• TASK ITEM: Start at the line below containing "#55=EDGE_LOOP('',(#54));" and stop at the line containing "#64=EDGE_CURVE('E269',#63,#63,#61,.T.);". Repeat every line of that stretch exactly, and nothing outside it.

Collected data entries
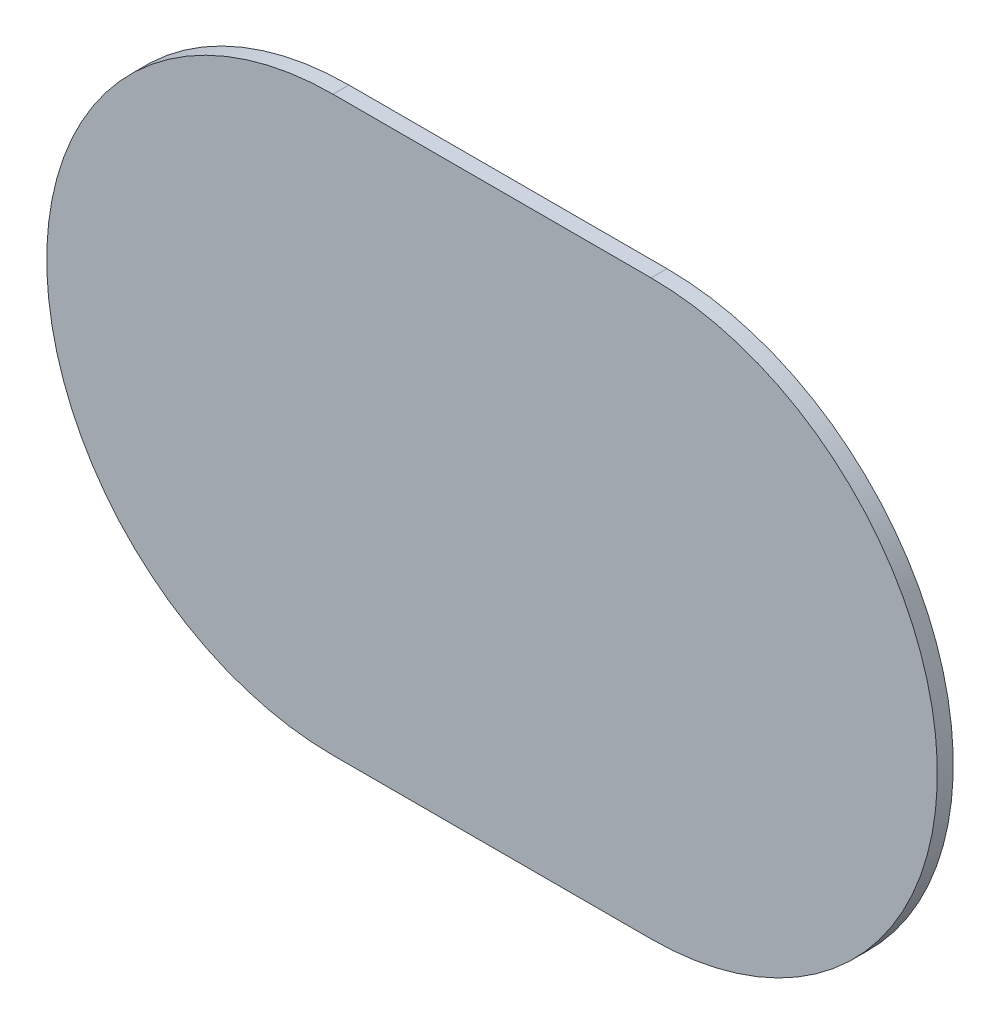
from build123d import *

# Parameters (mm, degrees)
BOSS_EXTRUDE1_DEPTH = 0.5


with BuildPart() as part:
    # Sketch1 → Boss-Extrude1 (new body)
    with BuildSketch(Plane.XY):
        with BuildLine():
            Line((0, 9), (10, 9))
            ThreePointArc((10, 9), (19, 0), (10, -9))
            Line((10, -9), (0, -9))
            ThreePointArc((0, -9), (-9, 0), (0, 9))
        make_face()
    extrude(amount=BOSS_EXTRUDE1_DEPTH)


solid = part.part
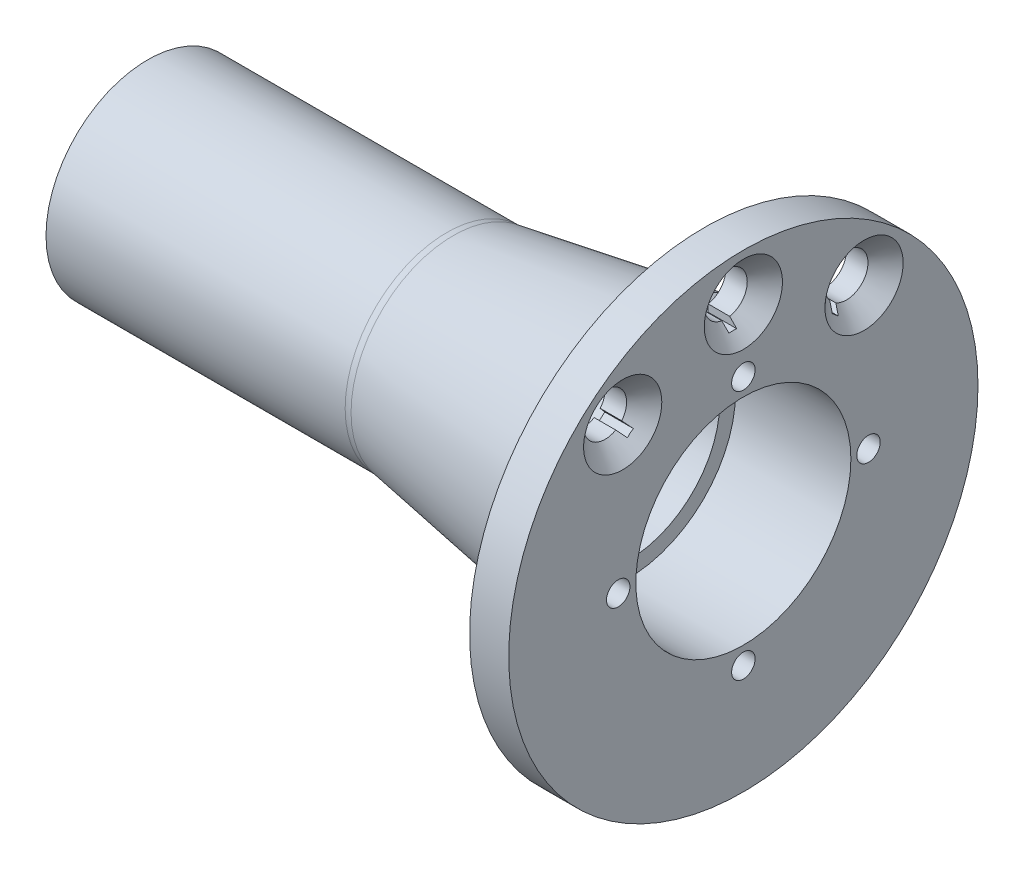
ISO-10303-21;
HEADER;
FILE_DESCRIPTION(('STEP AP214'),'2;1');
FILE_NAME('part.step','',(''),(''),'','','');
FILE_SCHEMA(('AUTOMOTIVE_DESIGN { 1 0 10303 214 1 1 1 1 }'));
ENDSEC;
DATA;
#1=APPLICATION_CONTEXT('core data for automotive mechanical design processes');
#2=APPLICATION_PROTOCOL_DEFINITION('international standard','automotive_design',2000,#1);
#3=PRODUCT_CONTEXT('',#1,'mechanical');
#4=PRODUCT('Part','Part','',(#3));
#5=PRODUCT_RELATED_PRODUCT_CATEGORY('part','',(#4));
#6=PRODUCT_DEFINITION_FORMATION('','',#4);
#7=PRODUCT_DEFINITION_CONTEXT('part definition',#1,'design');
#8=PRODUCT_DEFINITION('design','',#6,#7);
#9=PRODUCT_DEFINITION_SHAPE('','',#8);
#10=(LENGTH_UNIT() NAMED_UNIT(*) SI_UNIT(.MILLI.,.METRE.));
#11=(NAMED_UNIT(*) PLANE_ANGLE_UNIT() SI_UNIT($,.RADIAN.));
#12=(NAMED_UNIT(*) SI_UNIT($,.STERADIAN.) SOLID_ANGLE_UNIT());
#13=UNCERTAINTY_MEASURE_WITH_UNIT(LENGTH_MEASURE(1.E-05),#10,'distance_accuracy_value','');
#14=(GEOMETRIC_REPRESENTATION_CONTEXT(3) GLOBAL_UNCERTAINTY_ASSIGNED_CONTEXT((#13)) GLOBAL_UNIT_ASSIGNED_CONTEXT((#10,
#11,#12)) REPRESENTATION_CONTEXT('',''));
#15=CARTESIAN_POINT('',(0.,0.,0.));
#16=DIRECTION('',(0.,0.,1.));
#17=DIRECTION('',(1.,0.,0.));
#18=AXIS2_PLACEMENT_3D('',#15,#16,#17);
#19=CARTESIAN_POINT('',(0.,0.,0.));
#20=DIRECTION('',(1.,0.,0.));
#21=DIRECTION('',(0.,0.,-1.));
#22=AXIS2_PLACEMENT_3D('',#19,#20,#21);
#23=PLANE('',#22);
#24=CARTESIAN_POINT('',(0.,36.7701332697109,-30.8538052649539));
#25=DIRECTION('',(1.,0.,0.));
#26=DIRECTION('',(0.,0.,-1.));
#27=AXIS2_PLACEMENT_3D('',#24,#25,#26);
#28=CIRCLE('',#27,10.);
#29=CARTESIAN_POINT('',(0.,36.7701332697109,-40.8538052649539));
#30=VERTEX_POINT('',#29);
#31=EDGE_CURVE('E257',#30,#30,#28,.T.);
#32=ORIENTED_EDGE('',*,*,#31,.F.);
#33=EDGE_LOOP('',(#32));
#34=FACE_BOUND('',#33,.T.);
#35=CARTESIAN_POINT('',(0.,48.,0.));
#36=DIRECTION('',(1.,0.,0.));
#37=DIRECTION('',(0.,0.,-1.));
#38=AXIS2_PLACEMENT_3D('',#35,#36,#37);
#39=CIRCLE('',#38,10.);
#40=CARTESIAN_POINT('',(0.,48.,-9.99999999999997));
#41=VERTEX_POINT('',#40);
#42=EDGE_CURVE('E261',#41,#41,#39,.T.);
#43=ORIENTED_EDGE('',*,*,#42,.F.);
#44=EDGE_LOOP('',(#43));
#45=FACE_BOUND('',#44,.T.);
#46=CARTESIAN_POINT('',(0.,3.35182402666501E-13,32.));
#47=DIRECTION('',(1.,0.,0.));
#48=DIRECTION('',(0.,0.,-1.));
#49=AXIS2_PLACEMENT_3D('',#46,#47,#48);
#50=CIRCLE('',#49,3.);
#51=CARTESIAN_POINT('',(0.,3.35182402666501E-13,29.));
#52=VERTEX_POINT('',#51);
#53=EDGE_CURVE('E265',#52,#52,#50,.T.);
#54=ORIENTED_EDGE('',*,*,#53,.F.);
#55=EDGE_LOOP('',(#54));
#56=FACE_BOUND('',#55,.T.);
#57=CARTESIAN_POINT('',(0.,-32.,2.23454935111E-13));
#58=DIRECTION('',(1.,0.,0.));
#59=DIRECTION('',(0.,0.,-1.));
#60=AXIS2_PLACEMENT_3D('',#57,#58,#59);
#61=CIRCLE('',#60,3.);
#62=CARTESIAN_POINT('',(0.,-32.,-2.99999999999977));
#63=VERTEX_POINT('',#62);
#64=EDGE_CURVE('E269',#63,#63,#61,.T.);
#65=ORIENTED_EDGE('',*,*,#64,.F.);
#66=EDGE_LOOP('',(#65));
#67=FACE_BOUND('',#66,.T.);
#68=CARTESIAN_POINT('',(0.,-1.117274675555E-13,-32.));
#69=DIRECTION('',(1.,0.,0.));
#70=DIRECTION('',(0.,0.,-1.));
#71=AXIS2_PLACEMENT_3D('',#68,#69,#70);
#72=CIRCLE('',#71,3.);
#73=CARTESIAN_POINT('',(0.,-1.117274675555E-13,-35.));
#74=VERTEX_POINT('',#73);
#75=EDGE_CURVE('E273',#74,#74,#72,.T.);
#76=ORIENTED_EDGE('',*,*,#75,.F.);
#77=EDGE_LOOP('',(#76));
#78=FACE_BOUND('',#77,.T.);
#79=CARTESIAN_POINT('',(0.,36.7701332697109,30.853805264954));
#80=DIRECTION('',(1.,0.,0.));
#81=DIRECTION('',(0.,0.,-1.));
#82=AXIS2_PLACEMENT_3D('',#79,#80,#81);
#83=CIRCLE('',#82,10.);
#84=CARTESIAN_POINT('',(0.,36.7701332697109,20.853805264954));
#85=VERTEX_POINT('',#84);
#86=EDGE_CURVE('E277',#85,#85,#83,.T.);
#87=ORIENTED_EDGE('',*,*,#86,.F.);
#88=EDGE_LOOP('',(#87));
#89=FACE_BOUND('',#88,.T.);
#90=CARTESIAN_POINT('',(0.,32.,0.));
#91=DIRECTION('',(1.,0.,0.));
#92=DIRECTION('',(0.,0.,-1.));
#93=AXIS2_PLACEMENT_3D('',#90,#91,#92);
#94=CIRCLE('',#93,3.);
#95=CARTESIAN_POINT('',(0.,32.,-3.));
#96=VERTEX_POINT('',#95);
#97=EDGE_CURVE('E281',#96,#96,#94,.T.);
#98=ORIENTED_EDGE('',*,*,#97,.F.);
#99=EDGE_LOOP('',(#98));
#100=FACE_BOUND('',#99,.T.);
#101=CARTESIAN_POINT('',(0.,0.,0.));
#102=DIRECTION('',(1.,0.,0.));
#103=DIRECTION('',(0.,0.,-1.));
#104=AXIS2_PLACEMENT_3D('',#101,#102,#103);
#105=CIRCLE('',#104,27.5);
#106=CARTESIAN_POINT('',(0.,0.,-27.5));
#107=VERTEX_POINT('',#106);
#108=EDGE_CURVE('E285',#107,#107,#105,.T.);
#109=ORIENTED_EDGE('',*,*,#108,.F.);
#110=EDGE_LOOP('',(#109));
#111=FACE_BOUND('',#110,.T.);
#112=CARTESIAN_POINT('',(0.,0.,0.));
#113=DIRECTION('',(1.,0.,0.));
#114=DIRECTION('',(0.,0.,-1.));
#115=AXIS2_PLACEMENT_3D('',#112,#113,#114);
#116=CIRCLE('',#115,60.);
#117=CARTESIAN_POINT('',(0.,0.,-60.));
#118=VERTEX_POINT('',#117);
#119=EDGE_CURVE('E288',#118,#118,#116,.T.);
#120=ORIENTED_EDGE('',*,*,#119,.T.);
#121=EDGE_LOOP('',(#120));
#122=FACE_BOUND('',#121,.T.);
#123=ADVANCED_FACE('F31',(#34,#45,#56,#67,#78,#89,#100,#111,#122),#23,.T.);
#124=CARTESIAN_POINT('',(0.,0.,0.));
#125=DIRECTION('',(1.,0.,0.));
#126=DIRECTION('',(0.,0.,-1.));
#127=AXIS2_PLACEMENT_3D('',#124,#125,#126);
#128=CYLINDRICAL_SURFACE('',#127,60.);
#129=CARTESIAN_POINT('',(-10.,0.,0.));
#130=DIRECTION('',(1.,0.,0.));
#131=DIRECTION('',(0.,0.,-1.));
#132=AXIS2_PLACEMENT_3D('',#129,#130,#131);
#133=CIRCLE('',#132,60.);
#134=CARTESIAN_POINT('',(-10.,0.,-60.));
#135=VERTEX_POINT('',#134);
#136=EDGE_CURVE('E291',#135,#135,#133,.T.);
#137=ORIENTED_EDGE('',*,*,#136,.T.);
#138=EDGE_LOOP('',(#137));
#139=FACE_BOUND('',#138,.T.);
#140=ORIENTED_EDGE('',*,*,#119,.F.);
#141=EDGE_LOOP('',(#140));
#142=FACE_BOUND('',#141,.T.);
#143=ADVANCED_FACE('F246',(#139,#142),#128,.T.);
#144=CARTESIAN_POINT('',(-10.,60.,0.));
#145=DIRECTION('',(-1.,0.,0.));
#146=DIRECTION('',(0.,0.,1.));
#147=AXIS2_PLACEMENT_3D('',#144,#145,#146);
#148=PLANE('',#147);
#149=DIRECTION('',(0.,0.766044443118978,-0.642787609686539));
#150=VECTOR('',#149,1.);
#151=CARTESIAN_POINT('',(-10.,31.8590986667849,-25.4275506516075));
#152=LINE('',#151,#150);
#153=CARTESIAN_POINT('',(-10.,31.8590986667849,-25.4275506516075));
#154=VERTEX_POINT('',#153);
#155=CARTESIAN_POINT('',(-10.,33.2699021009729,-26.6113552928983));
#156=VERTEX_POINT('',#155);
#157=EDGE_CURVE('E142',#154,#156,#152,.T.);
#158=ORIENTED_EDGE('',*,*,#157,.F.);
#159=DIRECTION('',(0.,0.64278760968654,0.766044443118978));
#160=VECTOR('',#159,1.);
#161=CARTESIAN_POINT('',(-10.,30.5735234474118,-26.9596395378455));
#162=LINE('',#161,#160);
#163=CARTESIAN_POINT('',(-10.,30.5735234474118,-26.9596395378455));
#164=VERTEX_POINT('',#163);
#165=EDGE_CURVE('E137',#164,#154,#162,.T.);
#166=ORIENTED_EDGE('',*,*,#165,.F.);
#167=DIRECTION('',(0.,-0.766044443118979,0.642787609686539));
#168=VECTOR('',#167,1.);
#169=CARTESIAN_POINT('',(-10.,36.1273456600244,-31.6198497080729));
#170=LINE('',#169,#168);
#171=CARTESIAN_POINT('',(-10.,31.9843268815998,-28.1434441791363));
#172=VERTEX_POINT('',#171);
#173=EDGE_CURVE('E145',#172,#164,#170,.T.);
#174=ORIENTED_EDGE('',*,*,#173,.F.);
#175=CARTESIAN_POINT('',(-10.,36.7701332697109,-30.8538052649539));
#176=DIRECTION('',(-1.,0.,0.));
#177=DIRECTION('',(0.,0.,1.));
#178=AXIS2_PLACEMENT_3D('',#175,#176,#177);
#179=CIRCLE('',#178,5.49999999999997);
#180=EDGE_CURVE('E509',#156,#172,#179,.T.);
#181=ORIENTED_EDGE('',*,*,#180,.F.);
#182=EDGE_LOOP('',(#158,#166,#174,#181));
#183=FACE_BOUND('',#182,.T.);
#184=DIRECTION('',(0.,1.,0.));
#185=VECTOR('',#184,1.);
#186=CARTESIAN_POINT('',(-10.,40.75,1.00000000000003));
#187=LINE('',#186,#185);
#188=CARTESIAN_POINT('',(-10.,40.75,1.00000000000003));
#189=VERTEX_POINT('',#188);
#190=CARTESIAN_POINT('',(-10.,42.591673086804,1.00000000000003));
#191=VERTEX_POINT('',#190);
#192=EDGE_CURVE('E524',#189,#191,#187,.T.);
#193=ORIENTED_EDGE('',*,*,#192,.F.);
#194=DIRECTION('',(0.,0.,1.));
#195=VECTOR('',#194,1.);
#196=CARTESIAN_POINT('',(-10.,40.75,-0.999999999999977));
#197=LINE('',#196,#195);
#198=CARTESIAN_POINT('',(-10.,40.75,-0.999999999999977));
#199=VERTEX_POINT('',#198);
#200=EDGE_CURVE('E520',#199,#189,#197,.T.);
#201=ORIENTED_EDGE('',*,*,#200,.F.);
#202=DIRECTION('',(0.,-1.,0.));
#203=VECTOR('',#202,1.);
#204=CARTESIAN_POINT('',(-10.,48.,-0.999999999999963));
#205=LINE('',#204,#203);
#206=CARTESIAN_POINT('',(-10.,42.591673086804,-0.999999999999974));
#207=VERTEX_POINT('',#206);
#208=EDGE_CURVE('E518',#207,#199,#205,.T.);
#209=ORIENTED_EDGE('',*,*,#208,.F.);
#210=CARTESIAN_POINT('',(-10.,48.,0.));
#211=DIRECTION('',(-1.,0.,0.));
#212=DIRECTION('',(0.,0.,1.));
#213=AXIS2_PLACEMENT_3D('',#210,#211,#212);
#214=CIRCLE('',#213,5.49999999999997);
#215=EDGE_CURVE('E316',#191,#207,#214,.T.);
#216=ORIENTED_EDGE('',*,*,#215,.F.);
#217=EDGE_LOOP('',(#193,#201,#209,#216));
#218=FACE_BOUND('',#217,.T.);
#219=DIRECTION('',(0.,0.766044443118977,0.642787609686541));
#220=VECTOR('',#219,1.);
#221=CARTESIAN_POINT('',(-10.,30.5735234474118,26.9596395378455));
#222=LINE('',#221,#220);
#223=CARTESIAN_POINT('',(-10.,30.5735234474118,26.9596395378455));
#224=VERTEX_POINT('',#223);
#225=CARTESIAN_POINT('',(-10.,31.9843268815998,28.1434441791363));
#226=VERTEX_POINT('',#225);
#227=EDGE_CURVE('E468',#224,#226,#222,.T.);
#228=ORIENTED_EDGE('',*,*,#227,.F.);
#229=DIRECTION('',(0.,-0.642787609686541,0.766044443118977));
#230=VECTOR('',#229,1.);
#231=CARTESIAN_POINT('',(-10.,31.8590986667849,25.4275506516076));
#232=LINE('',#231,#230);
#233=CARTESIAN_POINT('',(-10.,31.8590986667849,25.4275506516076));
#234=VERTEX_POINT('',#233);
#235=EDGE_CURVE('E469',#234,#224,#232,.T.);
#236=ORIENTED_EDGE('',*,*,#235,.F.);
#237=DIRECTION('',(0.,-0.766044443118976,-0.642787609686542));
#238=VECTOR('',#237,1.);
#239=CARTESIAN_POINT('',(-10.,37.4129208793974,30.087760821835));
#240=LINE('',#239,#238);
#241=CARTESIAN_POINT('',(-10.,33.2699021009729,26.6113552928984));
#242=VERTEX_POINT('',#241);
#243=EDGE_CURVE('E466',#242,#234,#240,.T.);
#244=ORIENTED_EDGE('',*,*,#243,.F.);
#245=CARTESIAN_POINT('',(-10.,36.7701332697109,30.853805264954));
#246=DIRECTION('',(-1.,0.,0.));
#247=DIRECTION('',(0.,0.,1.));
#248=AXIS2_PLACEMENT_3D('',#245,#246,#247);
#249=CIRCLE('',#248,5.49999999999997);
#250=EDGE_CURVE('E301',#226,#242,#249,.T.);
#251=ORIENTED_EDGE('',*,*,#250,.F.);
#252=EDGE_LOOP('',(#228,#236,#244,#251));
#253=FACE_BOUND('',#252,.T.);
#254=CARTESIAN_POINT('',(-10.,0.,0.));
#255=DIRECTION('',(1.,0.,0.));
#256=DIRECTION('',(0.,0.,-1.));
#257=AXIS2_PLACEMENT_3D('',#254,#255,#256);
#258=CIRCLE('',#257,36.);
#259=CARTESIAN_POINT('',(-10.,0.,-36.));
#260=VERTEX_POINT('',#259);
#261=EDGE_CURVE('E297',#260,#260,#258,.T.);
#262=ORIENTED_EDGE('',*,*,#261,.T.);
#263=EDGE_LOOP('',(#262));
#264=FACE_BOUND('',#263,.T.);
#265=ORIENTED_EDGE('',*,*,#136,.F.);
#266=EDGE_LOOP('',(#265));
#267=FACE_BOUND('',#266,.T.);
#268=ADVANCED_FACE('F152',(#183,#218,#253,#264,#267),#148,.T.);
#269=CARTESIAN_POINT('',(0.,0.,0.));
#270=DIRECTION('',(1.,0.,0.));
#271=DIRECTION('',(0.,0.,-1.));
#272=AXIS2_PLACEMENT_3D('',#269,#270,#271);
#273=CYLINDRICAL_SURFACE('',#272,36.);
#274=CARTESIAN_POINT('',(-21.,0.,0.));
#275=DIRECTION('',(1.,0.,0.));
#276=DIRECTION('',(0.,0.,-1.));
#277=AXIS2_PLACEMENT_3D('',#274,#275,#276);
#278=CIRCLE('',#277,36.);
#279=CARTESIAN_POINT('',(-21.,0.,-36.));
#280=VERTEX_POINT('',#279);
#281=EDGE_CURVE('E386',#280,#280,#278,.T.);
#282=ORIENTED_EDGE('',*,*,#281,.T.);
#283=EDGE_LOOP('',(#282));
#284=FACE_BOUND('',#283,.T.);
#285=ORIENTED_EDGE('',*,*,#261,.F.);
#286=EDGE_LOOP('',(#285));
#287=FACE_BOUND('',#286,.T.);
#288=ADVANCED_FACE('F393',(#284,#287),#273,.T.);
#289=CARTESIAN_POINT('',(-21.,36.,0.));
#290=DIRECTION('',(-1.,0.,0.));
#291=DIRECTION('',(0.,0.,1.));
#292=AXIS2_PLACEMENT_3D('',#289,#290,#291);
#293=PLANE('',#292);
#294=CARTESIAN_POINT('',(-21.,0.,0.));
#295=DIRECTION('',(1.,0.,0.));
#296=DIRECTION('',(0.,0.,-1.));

• RESPONSE FOR THIS EXERCISE:
#55=EDGE_LOOP('',(#54));
#56=FACE_BOUND('',#55,.T.);
#57=CARTESIAN_POINT('',(0.,-32.,2.23454935111E-13));
#58=DIRECTION('',(1.,0.,0.));
#59=DIRECTION('',(0.,0.,-1.));
#60=AXIS2_PLACEMENT_3D('',#57,#58,#59);
#61=CIRCLE('',#60,3.);
#62=CARTESIAN_POINT('',(0.,-32.,-2.99999999999977));
#63=VERTEX_POINT('',#62);
#64=EDGE_CURVE('E269',#63,#63,#61,.T.);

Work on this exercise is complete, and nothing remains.